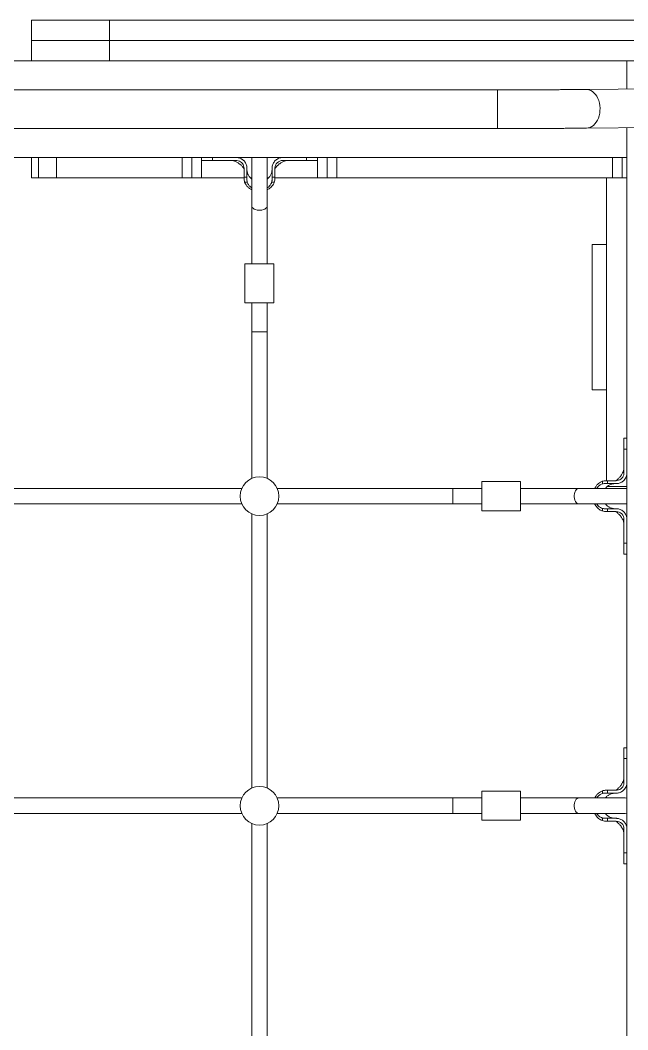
# Model space of a CAD drawing. Header units: millimetres. Extents: x -6304 to 6571, y -6082 to 4447.
# Drawn here: x -423 to 206, y 743 to 1787 of the extents above; entities that cross this region are included whole.
import ezdxf

# ---------------------------------------------------------------- set-up
doc = ezdxf.new("R2010")
doc.units = ezdxf.units.MM
doc.layers.add('DIKOM_ОБЪЕКТ', color=7, linetype='Continuous')

msp = doc.modelspace()

# ---------------------------------------------------------------- linework, layer by layer
at = {"layer": 'DIKOM_ОБЪЕКТ', "color": 7, "linetype": 'Continuous', "lineweight": 15}
for p, q in [((-410.983, 1787.038), (-410.983, 1766.038)), ((-330.443, 1787.038), (-410.983, 1787.038)), ((-330.443, 1787.038), (-330.443, 1766.038)), ((271.369, 1787.038), (-330.443, 1787.038)), ((-410.983, 1766.038), (-410.983, 1745.038)), ((-330.443, 1766.038), (-410.983, 1766.038)), ((-330.443, 1766.038), (-330.443, 1745.038)), ((410.93, 1766.038), (-330.443, 1766.038)), ((271.369, 1766.038), (-330.443, 1766.038)), ((-765.883, 1745.038), (-397.585, 1745.038)), ((-330.443, 1745.038), (-397.585, 1745.038)), ((410.93, 1745.038), (-330.443, 1745.038)), ((204.828, 1715.892), (204.828, 1745.038)), ((70.98, 1715.038), (-2176.382, 1715.038)), ((70.98, 1675.038), (70.98, 1715.038)), ((70.98, 1675.038), (70.98, 1715.038)), ((406.274, 1718.038), (162.691, 1715.443)), ((-925.172, 1675.038), (70.98, 1675.038)), ((163.117, 1675.445), (468.695, 1678.701)), ((204.828, 1645.038), (204.828, 1675.89)), ((204.828, -685.813), (204.828, 1675.89)), ((-745.172, 1645.038), (204.828, 1645.038)), ((-410.983, 1645.038), (-410.983, 1624.038)), ((-403.685, 1624.038), (-403.685, 1645.038)), ((-385.145, 1645.038), (-385.145, 1624.038)), ((-255.172, 1645.038), (-385.145, 1645.038)), ((-255.172, 1624.038), (-255.172, 1645.038)), ((-245.172, 1645.038), (-245.172, 1624.038)), ((-235.172, 1645.038), (-235.172, 1642.038)), ((-235.172, 1642.038), (-229.894, 1642.038)), ((-235.172, 1642.038), (-235.172, 1624.038)), ((-228.579, 1642.039), (-231.688, 1642.039)), ((-228.806, 1642.039), (-231.05, 1642.039)), ((-223.89, 1645.038), (-223.89, 1642.038)), ((-223.89, 1642.038), (-199.172, 1642.038)), ((-192.442, 1642.741), (-194.196, 1643.785)), ((-191.736, 1642.076), (-192.064, 1642.377)), ((-182.986, 1645.038), (-183.172, 1643.323)), ((-183.172, 1643.323), (-183.172, 1595.323)), ((-167.172, 1643.323), (-167.358, 1645.038)), ((-167.172, 1595.323), (-167.172, 1643.323)), ((-126.455, 1642.038), (-151.172, 1642.038)), ((-127.684, 1642.037), (-121.05, 1642.039)), ((-126.455, 1645.038), (-126.455, 1642.038)), ((-126.28, 1642.038), (-125.885, 1642.038)), ((-120.984, 1642.039), (-118.246, 1642.039)), ((-115.172, 1642.038), (-115.172, 1645.038)), ((-115.172, 1624.038), (-115.172, 1642.038)), ((-105.172, 1624.038), (-105.172, 1645.038)), ((-95.172, 1645.038), (-95.172, 1624.038)), ((189.828, 1645.038), (-95.172, 1645.038)), ((189.828, 1624.038), (189.828, 1645.038)), ((199.828, 1645.038), (199.828, 1624.038)), ((-191.172, 1634.038), (-191.172, 1633.038)), ((-191.172, 1633.038), (-191.172, 1624.9)), ((-188.172, 1633.038), (-188.172, 1634.038)), ((-188.172, 1624.9), (-188.172, 1633.038)), ((-162.172, 1633.038), (-162.172, 1634.038)), ((-162.172, 1624.9), (-162.172, 1633.038)), ((-159.172, 1634.038), (-159.172, 1633.038)), ((-159.172, 1633.038), (-159.172, 1624.9)), ((-403.685, 1624.038), (-410.983, 1624.038)), ((-385.145, 1624.038), (-403.685, 1624.038)), ((-385.145, 1624.038), (-255.172, 1624.038)), ((-245.172, 1624.038), (-255.172, 1624.038)), ((-235.172, 1624.038), (-245.172, 1624.038)), ((-235.172, 1624.038), (-191.172, 1624.038)), ((-191.172, 1624.9), (-188.172, 1624.9)), ((-191.092, 1622.783), (-191.078, 1622.213)), ((-187.787, 1619.69), (-190.505, 1619.69)), ((-184.47, 1624.038), (-183.172, 1624.038)), ((-167.172, 1624.038), (-165.881, 1624.038)), ((-159.84, 1619.69), (-162.558, 1619.69)), ((-162.172, 1624.9), (-159.172, 1624.9)), ((-159.233, 1622.408), (-159.221, 1623.192)), ((-159.221, 1622.688), (-159.204, 1623.388)), ((-159.172, 1624.038), (-115.172, 1624.038)), ((-105.172, 1624.038), (-115.172, 1624.038)), ((-95.172, 1624.038), (-105.172, 1624.038)), ((-95.172, 1624.038), (189.828, 1624.038)), ((183.828, 1311.302), (183.828, 1624.038)), ((199.828, 1624.038), (189.828, 1624.038)), ((204.828, 1624.038), (199.828, 1624.038)), ((-183.172, 1595.323), (-183.172, 1535.038)), ((-167.172, 1535.038), (-167.172, 1595.323)), ((183.828, 1555.038), (168.828, 1555.038)), ((168.828, 1405.038), (168.828, 1555.038)), ((-190.172, 1535.038), (-190.172, 1495.038)), ((-175.172, 1535.038), (-190.172, 1535.038)), ((-160.172, 1535.038), (-175.172, 1535.038)), ((-160.172, 1495.038), (-160.172, 1535.038)), ((-175.172, 1495.038), (-190.172, 1495.038)), ((-183.172, 1495.038), (-183.172, 1465.038)), ((-160.172, 1495.038), (-175.172, 1495.038)), ((-167.172, 1465.038), (-167.172, 1495.038)), ((-183.172, 1465.038), (-183.172, 1313.369)), ((-167.172, 1465.038), (-183.172, 1465.038)), ((-167.172, 1313.369), (-167.172, 1465.038)), ((168.828, 1405.038), (183.828, 1405.038)), ((201.828, 1355.038), (201.828, 1349.76)), ((204.828, 1355.038), (201.828, 1355.038)), ((201.828, 1348.446), (201.828, 1351.554)), ((201.828, 1348.672), (201.828, 1350.916)), ((201.828, 1343.756), (201.828, 1319.038)), ((204.828, 1343.756), (201.828, 1343.756)), ((94.828, 1310.038), (54.828, 1310.038)), ((54.828, 1295.038), (54.828, 1310.038)), ((94.828, 1295.038), (94.828, 1310.038)), ((179.48, 1307.653), (179.48, 1310.371)), ((182.572, 1310.958), (182.002, 1310.944)), ((184.627, 1305.038), (204.828, 1305.038)), ((184.689, 1311.038), (184.689, 1308.038)), ((192.828, 1311.038), (184.689, 1311.038)), ((184.689, 1308.038), (192.828, 1308.038)), ((193.828, 1311.038), (192.828, 1311.038)), ((192.828, 1308.038), (193.828, 1308.038)), ((201.866, 1311.603), (202.166, 1311.931)), ((202.53, 1312.308), (203.574, 1314.062)), ((-193.503, 1303.038), (-496.842, 1303.038)), ((24.828, 1303.038), (-156.842, 1303.038)), ((54.828, 1303.038), (24.828, 1303.038)), ((24.828, 1303.038), (24.828, 1287.038)), ((54.828, 1280.038), (54.828, 1295.038)), ((155.112, 1303.038), (94.828, 1303.038)), ((94.828, 1280.038), (94.828, 1295.038)), ((203.112, 1303.038), (155.112, 1303.038)), ((204.828, 1302.852), (203.112, 1303.038)), ((-496.842, 1287.038), (-193.503, 1287.038)), ((-156.842, 1287.038), (24.828, 1287.038)), ((24.828, 1287.038), (54.828, 1287.038)), ((94.828, 1287.038), (155.112, 1287.038)), ((155.112, 1287.038), (203.112, 1287.038)), ((203.112, 1287.038), (204.828, 1287.224)), ((-183.172, 1276.708), (-183.172, 993.369)), ((-167.172, 993.369), (-167.172, 1276.708)), ((54.828, 1280.038), (94.828, 1280.038)), ((179.48, 1279.706), (179.48, 1282.424)), ((182.197, 1279.099), (182.981, 1279.087)), ((182.478, 1279.087), (183.177, 1279.071)), ((184.689, 1282.038), (184.689, 1279.038)), ((184.689, 1282.038), (192.828, 1282.038)), ((192.828, 1279.038), (184.689, 1279.038)), ((192.828, 1282.038), (193.828, 1282.038)), ((193.828, 1279.038), (192.828, 1279.038)), ((201.828, 1246.321), (201.828, 1271.038)), ((201.826, 1247.55), (201.828, 1240.916)), ((204.828, 1246.321), (201.828, 1246.321)), ((201.828, 1246.145), (201.828, 1245.751)), ((201.828, 1240.85), (201.828, 1238.113)), ((201.828, 1235.038), (204.828, 1235.038)), ((201.828, 1035.038), (201.828, 1029.76)), ((204.828, 1035.038), (201.828, 1035.038)), ((201.828, 1028.446), (201.828, 1031.554)), ((201.828, 1028.672), (201.828, 1030.916)), ((201.828, 1023.756), (201.828, 999.038)), ((204.828, 1023.756), (201.828, 1023.756)), ((201.866, 991.603), (202.166, 991.931)), ((202.53, 992.308), (203.574, 994.062)), ((-193.503, 983.038), (-496.842, 983.038)), ((24.828, 983.038), (-156.842, 983.038)), ((54.828, 983.038), (24.828, 983.038)), ((24.828, 983.038), (24.828, 967.038)), ((94.828, 990.038), (54.828, 990.038)), ((54.828, 975.038), (54.828, 990.038)), ((94.828, 975.038), (94.828, 990.038)), ((155.112, 983.038), (94.828, 983.038)), ((203.112, 983.038), (155.112, 983.038)), ((179.48, 987.653), (179.48, 990.371)), ((182.572, 990.958), (182.002, 990.944)), ((184.689, 991.038), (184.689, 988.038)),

☆ ☆ ☆ ☆

- Exercise objective
From the entries above, show each line that includes the string "Continuous".

- Answer
doc.layers.add('DIKOM_ОБЪЕКТ', color=7, linetype='Continuous')
at = {"layer": 'DIKOM_ОБЪЕКТ', "color": 7, "linetype": 'Continuous', "lineweight": 15}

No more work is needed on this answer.